--- What to do ---
Write out exactly the lines below that run from the one containing "#72=CIRCLE('',#71,3.24999999999999);" through the one containing "#83=CIRCLE('',#82,3.25);", both included, with no other lines.

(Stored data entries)

= = = = =

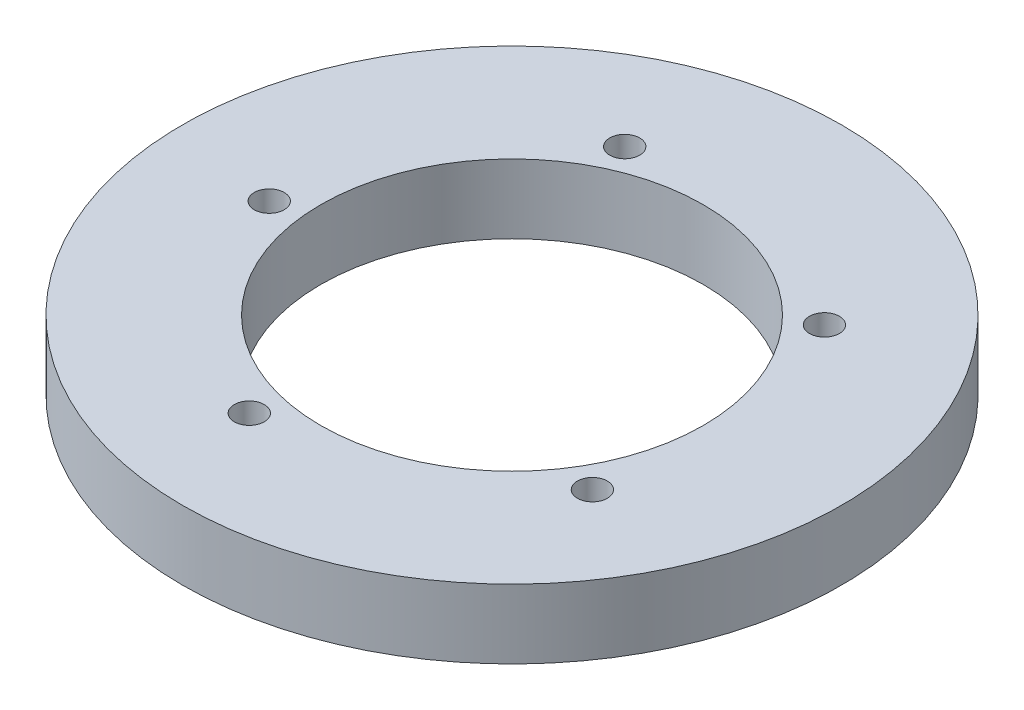
ISO-10303-21;
HEADER;
FILE_DESCRIPTION(('STEP AP214'),'2;1');
FILE_NAME('part.step','',(''),(''),'','','');
FILE_SCHEMA(('AUTOMOTIVE_DESIGN { 1 0 10303 214 1 1 1 1 }'));
ENDSEC;
DATA;
#1=APPLICATION_CONTEXT('core data for automotive mechanical design processes');
#2=APPLICATION_PROTOCOL_DEFINITION('international standard','automotive_design',2000,#1);
#3=PRODUCT_CONTEXT('',#1,'mechanical');
#4=PRODUCT('Part','Part','',(#3));
#5=PRODUCT_RELATED_PRODUCT_CATEGORY('part','',(#4));
#6=PRODUCT_DEFINITION_FORMATION('','',#4);
#7=PRODUCT_DEFINITION_CONTEXT('part definition',#1,'design');
#8=PRODUCT_DEFINITION('design','',#6,#7);
#9=PRODUCT_DEFINITION_SHAPE('','',#8);
#10=(LENGTH_UNIT() NAMED_UNIT(*) SI_UNIT(.MILLI.,.METRE.));
#11=(NAMED_UNIT(*) PLANE_ANGLE_UNIT() SI_UNIT($,.RADIAN.));
#12=(NAMED_UNIT(*) SI_UNIT($,.STERADIAN.) SOLID_ANGLE_UNIT());
#13=UNCERTAINTY_MEASURE_WITH_UNIT(LENGTH_MEASURE(1.E-05),#10,'distance_accuracy_value','');
#14=(GEOMETRIC_REPRESENTATION_CONTEXT(3) GLOBAL_UNCERTAINTY_ASSIGNED_CONTEXT((#13)) GLOBAL_UNIT_ASSIGNED_CONTEXT((#10,
#11,#12)) REPRESENTATION_CONTEXT('',''));
#15=CARTESIAN_POINT('',(0.,0.,0.));
#16=DIRECTION('',(0.,0.,1.));
#17=DIRECTION('',(1.,0.,0.));
#18=AXIS2_PLACEMENT_3D('',#15,#16,#17);
#19=CARTESIAN_POINT('',(-1.33623283332147,15.,-19.9052280990114));
#20=DIRECTION('',(0.,1.,0.));
#21=DIRECTION('',(0.,0.,1.));
#22=AXIS2_PLACEMENT_3D('',#19,#20,#21);
#23=PLANE('',#22);
#24=CARTESIAN_POINT('',(-49.0830279812245,15.,-14.9814538247186));
#25=DIRECTION('',(0.,1.,0.));
#26=DIRECTION('',(0.,0.,1.));
#27=AXIS2_PLACEMENT_3D('',#24,#25,#26);
#28=CIRCLE('',#27,3.25);
#29=CARTESIAN_POINT('',(-49.0830279812245,15.,-11.7314538247186));
#30=VERTEX_POINT('',#29);
#31=EDGE_CURVE('E84',#30,#30,#28,.T.);
#32=ORIENTED_EDGE('',*,*,#31,.F.);
#33=EDGE_LOOP('',(#32));
#34=FACE_BOUND('',#33,.T.);
#35=CARTESIAN_POINT('',(34.3976139642247,15.,-51.9535071955484));
#36=DIRECTION('',(0.,1.,0.));
#37=DIRECTION('',(0.,0.,1.));
#38=AXIS2_PLACEMENT_3D('',#35,#36,#37);
#39=CIRCLE('',#38,3.25);
#40=CARTESIAN_POINT('',(34.3976139642247,15.,-48.7035071955484));
#41=VERTEX_POINT('',#40);
#42=EDGE_CURVE('E68',#41,#41,#39,.T.);
#43=ORIENTED_EDGE('',*,*,#42,.F.);
#44=EDGE_LOOP('',(#43));
#45=FACE_BOUND('',#44,.T.);
#46=CARTESIAN_POINT('',(-1.33623283332147,15.,-19.9052280990114));
#47=DIRECTION('',(0.,1.,0.));
#48=DIRECTION('',(0.,0.,1.));
#49=AXIS2_PLACEMENT_3D('',#46,#47,#48);
#50=CIRCLE('',#49,41.5);
#51=CARTESIAN_POINT('',(-1.33623283332147,15.,21.5947719009886));
#52=VERTEX_POINT('',#51);
#53=EDGE_CURVE('E54',#52,#52,#50,.T.);
#54=ORIENTED_EDGE('',*,*,#53,.F.);
#55=EDGE_LOOP('',(#54));
#56=FACE_BOUND('',#55,.T.);
#57=CARTESIAN_POINT('',(-1.33623283332147,15.,-19.9052280990114));
#58=DIRECTION('',(0.,1.,0.));
#59=DIRECTION('',(0.,0.,1.));
#60=AXIS2_PLACEMENT_3D('',#57,#58,#59);
#61=CIRCLE('',#60,71.5);
#62=CARTESIAN_POINT('',(-1.33623283332147,15.,51.5947719009886));
#63=VERTEX_POINT('',#62);
#64=EDGE_CURVE('E10',#63,#63,#61,.T.);
#65=ORIENTED_EDGE('',*,*,#64,.T.);
#66=EDGE_LOOP('',(#65));
#67=FACE_BOUND('',#66,.T.);
#68=CARTESIAN_POINT('',(40.1858577723177,15.,4.17621686878607));
#69=DIRECTION('',(0.,1.,0.));
#70=DIRECTION('',(0.,0.,1.));
#71=AXIS2_PLACEMENT_3D('',#68,#69,#70);
#72=CIRCLE('',#71,3.24999999999999);
#73=CARTESIAN_POINT('',(40.1858577723177,15.,7.42621686878607));
#74=VERTEX_POINT('',#73);
#75=EDGE_CURVE('E60',#74,#74,#72,.T.);
#76=ORIENTED_EDGE('',*,*,#75,.F.);
#77=EDGE_LOOP('',(#76));
#78=FACE_BOUND('',#77,.T.);
#79=CARTESIAN_POINT('',(-20.7735915692958,15.,-63.7935988294121));
#80=DIRECTION('',(0.,1.,0.));
#81=DIRECTION('',(0.,0.,1.));
#82=AXIS2_PLACEMENT_3D('',#79,#80,#81);
#83=CIRCLE('',#82,3.25);
#84=CARTESIAN_POINT('',(-20.7735915692958,15.,-60.5435988294121));
#85=VERTEX_POINT('',#84);
#86=EDGE_CURVE('E76',#85,#85,#83,.T.);
#87=ORIENTED_EDGE('',*,*,#86,.F.);
#88=EDGE_LOOP('',(#87));
#89=FACE_BOUND('',#88,.T.);
#90=CARTESIAN_POINT('',(-11.4080163526296,15.,27.0262024858338));
#91=DIRECTION('',(0.,1.,0.));
#92=DIRECTION('',(0.,0.,1.));
#93=AXIS2_PLACEMENT_3D('',#90,#91,#92);
#94=CIRCLE('',#93,3.25000000000001);
#95=CARTESIAN_POINT('',(-11.4080163526296,15.,30.2762024858338));
#96=VERTEX_POINT('',#95);
#97=EDGE_CURVE('E92',#96,#96,#94,.T.);
#98=ORIENTED_EDGE('',*,*,#97,.F.);
#99=EDGE_LOOP('',(#98));
#100=FACE_BOUND('',#99,.T.);
#101=ADVANCED_FACE('F41',(#34,#45,#56,#67,#78,#89,#100),#23,.T.);
#102=CARTESIAN_POINT('',(-1.33623283332147,0.,-19.9052280990114));
#103=DIRECTION('',(0.,1.,0.));
#104=DIRECTION('',(0.,0.,1.));
#105=AXIS2_PLACEMENT_3D('',#102,#103,#104);
#106=PLANE('',#105);
#107=CARTESIAN_POINT('',(-1.33623283332147,0.,-19.9052280990114));
#108=DIRECTION('',(0.,1.,0.));
#109=DIRECTION('',(0.,0.,1.));
#110=AXIS2_PLACEMENT_3D('',#107,#108,#109);
#111=CIRCLE('',#110,71.5);
#112=CARTESIAN_POINT('',(-1.33623283332147,0.,51.5947719009886));
#113=VERTEX_POINT('',#112);
#114=EDGE_CURVE('E45',#113,#113,#111,.T.);
#115=ORIENTED_EDGE('',*,*,#114,.F.);
#116=EDGE_LOOP('',(#115));
#117=FACE_BOUND('',#116,.T.);
#118=CARTESIAN_POINT('',(-1.33623283332147,0.,-19.9052280990114));
#119=DIRECTION('',(0.,1.,0.));
#120=DIRECTION('',(0.,0.,1.));
#121=AXIS2_PLACEMENT_3D('',#118,#119,#120);
#122=CIRCLE('',#121,41.5);
#123=CARTESIAN_POINT('',(-1.33623283332147,0.,21.5947719009886));
#124=VERTEX_POINT('',#123);
#125=EDGE_CURVE('E56',#124,#124,#122,.T.);
#126=ORIENTED_EDGE('',*,*,#125,.T.);
#127=EDGE_LOOP('',(#126));
#128=FACE_BOUND('',#127,.T.);
#129=CARTESIAN_POINT('',(40.1858577723177,0.,4.17621686878607));
#130=DIRECTION('',(0.,1.,0.));
#131=DIRECTION('',(0.,0.,1.));
#132=AXIS2_PLACEMENT_3D('',#129,#130,#131);
#133=CIRCLE('',#132,3.24999999999999);
#134=CARTESIAN_POINT('',(40.1858577723177,0.,7.42621686878607));
#135=VERTEX_POINT('',#134);
#136=EDGE_CURVE('E64',#135,#135,#133,.T.);
#137=ORIENTED_EDGE('',*,*,#136,.T.);
#138=EDGE_LOOP('',(#137));
#139=FACE_BOUND('',#138,.T.);
#140=CARTESIAN_POINT('',(34.3976139642247,0.,-51.9535071955484));
#141=DIRECTION('',(0.,1.,0.));
#142=DIRECTION('',(0.,0.,1.));
#143=AXIS2_PLACEMENT_3D('',#140,#141,#142);
#144=CIRCLE('',#143,3.25);
#145=CARTESIAN_POINT('',(34.3976139642247,0.,-48.7035071955484));
#146=VERTEX_POINT('',#145);
#147=EDGE_CURVE('E72',#146,#146,#144,.T.);
#148=ORIENTED_EDGE('',*,*,#147,.T.);
#149=EDGE_LOOP('',(#148));
#150=FACE_BOUND('',#149,.T.);
#151=CARTESIAN_POINT('',(-20.7735915692958,0.,-63.7935988294121));
#152=DIRECTION('',(0.,1.,0.));
#153=DIRECTION('',(0.,0.,1.));
#154=AXIS2_PLACEMENT_3D('',#151,#152,#153);
#155=CIRCLE('',#154,3.25);
#156=CARTESIAN_POINT('',(-20.7735915692958,0.,-60.5435988294121));
#157=VERTEX_POINT('',#156);
#158=EDGE_CURVE('E80',#157,#157,#155,.T.);
#159=ORIENTED_EDGE('',*,*,#158,.T.);
#160=EDGE_LOOP('',(#159));
#161=FACE_BOUND('',#160,.T.);
#162=CARTESIAN_POINT('',(-49.0830279812245,0.,-14.9814538247186));
#163=DIRECTION('',(0.,1.,0.));
#164=DIRECTION('',(0.,0.,1.));
#165=AXIS2_PLACEMENT_3D('',#162,#163,#164);
#166=CIRCLE('',#165,3.25);
#167=CARTESIAN_POINT('',(-49.0830279812245,0.,-11.7314538247186));
#168=VERTEX_POINT('',#167);
#169=EDGE_CURVE('E88',#168,#168,#166,.T.);
#170=ORIENTED_EDGE('',*,*,#169,.T.);
#171=EDGE_LOOP('',(#170));
#172=FACE_BOUND('',#171,.T.);
#173=CARTESIAN_POINT('',(-11.4080163526296,0.,27.0262024858338));
#174=DIRECTION('',(0.,1.,0.));
#175=DIRECTION('',(0.,0.,1.));
#176=AXIS2_PLACEMENT_3D('',#173,#174,#175);
#177=CIRCLE('',#176,3.25000000000001);
#178=CARTESIAN_POINT('',(-11.4080163526296,0.,30.2762024858338));
#179=VERTEX_POINT('',#178);
#180=EDGE_CURVE('E96',#179,#179,#177,.T.);
#181=ORIENTED_EDGE('',*,*,#180,.T.);
#182=EDGE_LOOP('',(#181));
#183=FACE_BOUND('',#182,.T.);
#184=ADVANCED_FACE('F108',(#117,#128,#139,#150,#161,#172,#183),#106,.F.);
#185=CARTESIAN_POINT('',(-1.33623283332147,15.,-19.9052280990114));
#186=DIRECTION('',(0.,-1.,0.));
#187=DIRECTION('',(0.,0.,-1.));
#188=AXIS2_PLACEMENT_3D('',#185,#186,#187);
#189=CYLINDRICAL_SURFACE('',#188,71.5);
#190=ORIENTED_EDGE('',*,*,#64,.F.);
#191=EDGE_LOOP('',(#190));
#192=FACE_BOUND('',#191,.T.);
#193=ORIENTED_EDGE('',*,*,#114,.T.);
#194=EDGE_LOOP('',(#193));
#195=FACE_BOUND('',#194,.T.);
#196=ADVANCED_FACE('F43',(#192,#195),#189,.T.);
#197=CARTESIAN_POINT('',(-1.33623283332147,15.,-19.9052280990114));
#198=DIRECTION('',(0.,-1.,0.));
#199=DIRECTION('',(0.,0.,-1.));
#200=AXIS2_PLACEMENT_3D('',#197,#198,#199);
#201=CYLINDRICAL_SURFACE('',#200,41.5);
#202=ORIENTED_EDGE('',*,*,#53,.T.);
#203=EDGE_LOOP('',(#202));
#204=FACE_BOUND('',#203,.T.);
#205=ORIENTED_EDGE('',*,*,#125,.F.);
#206=EDGE_LOOP('',(#205));
#207=FACE_BOUND('',#206,.T.);
#208=ADVANCED_FACE('F118',(#204,#207),#201,.F.);
#209=CARTESIAN_POINT('',(40.1858577723177,15.,4.17621686878607));
#210=DIRECTION('',(0.,-1.,0.));
#211=DIRECTION('',(0.,0.,-1.));
#212=AXIS2_PLACEMENT_3D('',#209,#210,#211);
#213=CYLINDRICAL_SURFACE('',#212,3.24999999999999);
#214=ORIENTED_EDGE('',*,*,#75,.T.);
#215=EDGE_LOOP('',(#214));
#216=FACE_BOUND('',#215,.T.);
#217=ORIENTED_EDGE('',*,*,#136,.F.);
#218=EDGE_LOOP('',(#217));
#219=FACE_BOUND('',#218,.T.);
#220=ADVANCED_FACE('F121',(#216,#219),#213,.F.);
#221=CARTESIAN_POINT('',(34.3976139642247,15.,-51.9535071955484));
#222=DIRECTION('',(0.,-1.,0.));
#223=DIRECTION('',(0.,0.,-1.));
#224=AXIS2_PLACEMENT_3D('',#221,#222,#223);
#225=CYLINDRICAL_SURFACE('',#224,3.25);
#226=ORIENTED_EDGE('',*,*,#42,.T.);
#227=EDGE_LOOP('',(#226));
#228=FACE_BOUND('',#227,.T.);
#229=ORIENTED_EDGE('',*,*,#147,.F.);
#230=EDGE_LOOP('',(#229));
#231=FACE_BOUND('',#230,.T.);
#232=ADVANCED_FACE('F125',(#228,#231),#225,.F.);
#233=CARTESIAN_POINT('',(-20.7735915692958,15.,-63.7935988294121));
#234=DIRECTION('',(0.,-1.,0.));
#235=DIRECTION('',(0.,0.,-1.));
#236=AXIS2_PLACEMENT_3D('',#233,#234,#235);
#237=CYLINDRICAL_SURFACE('',#236,3.25);
#238=ORIENTED_EDGE('',*,*,#86,.T.);
#239=EDGE_LOOP('',(#238));
#240=FACE_BOUND('',#239,.T.);
#241=ORIENTED_EDGE('',*,*,#158,.F.);
#242=EDGE_LOOP('',(#241));
#243=FACE_BOUND('',#242,.T.);
#244=ADVANCED_FACE('F129',(#240,#243),#237,.F.);
#245=CARTESIAN_POINT('',(-49.0830279812245,15.,-14.9814538247186));
#246=DIRECTION('',(0.,-1.,0.));
#247=DIRECTION('',(0.,0.,-1.));
#248=AXIS2_PLACEMENT_3D('',#245,#246,#247);
#249=CYLINDRICAL_SURFACE('',#248,3.25);
#250=ORIENTED_EDGE('',*,*,#31,.T.);
#251=EDGE_LOOP('',(#250));
#252=FACE_BOUND('',#251,.T.);
#253=ORIENTED_EDGE('',*,*,#169,.F.);
#254=EDGE_LOOP('',(#253));
#255=FACE_BOUND('',#254,.T.);
#256=ADVANCED_FACE('F133',(#252,#255),#249,.F.);
#257=CARTESIAN_POINT('',(-11.4080163526296,15.,27.0262024858338));
#258=DIRECTION('',(0.,-1.,0.));
#259=DIRECTION('',(0.,0.,-1.));
#260=AXIS2_PLACEMENT_3D('',#257,#258,#259);
#261=CYLINDRICAL_SURFACE('',#260,3.25000000000001);
#262=ORIENTED_EDGE('',*,*,#97,.T.);
#263=EDGE_LOOP('',(#262));
#264=FACE_BOUND('',#263,.T.);
#265=ORIENTED_EDGE('',*,*,#180,.F.);
#266=EDGE_LOOP('',(#265));
#267=FACE_BOUND('',#266,.T.);
#268=ADVANCED_FACE('F104',(#264,#267),#261,.F.);
#269=CLOSED_SHELL('',(#101,#184,#196,#208,#220,#232,#244,#256,#268));
#270=MANIFOLD_SOLID_BREP('B2',#269);
#271=ADVANCED_BREP_SHAPE_REPRESENTATION('',(#18,#270),#14);
#272=SHAPE_DEFINITION_REPRESENTATION(#9,#271);
ENDSEC;
END-ISO-10303-21;

= = = = =

--- Solution ---
#72=CIRCLE('',#71,3.24999999999999);
#73=CARTESIAN_POINT('',(40.1858577723177,15.,7.42621686878607));
#74=VERTEX_POINT('',#73);
#75=EDGE_CURVE('E60',#74,#74,#72,.T.);
#76=ORIENTED_EDGE('',*,*,#75,.F.);
#77=EDGE_LOOP('',(#76));
#78=FACE_BOUND('',#77,.T.);
#79=CARTESIAN_POINT('',(-20.7735915692958,15.,-63.7935988294121));
#80=DIRECTION('',(0.,1.,0.));
#81=DIRECTION('',(0.,0.,1.));
#82=AXIS2_PLACEMENT_3D('',#79,#80,#81);
#83=CIRCLE('',#82,3.25);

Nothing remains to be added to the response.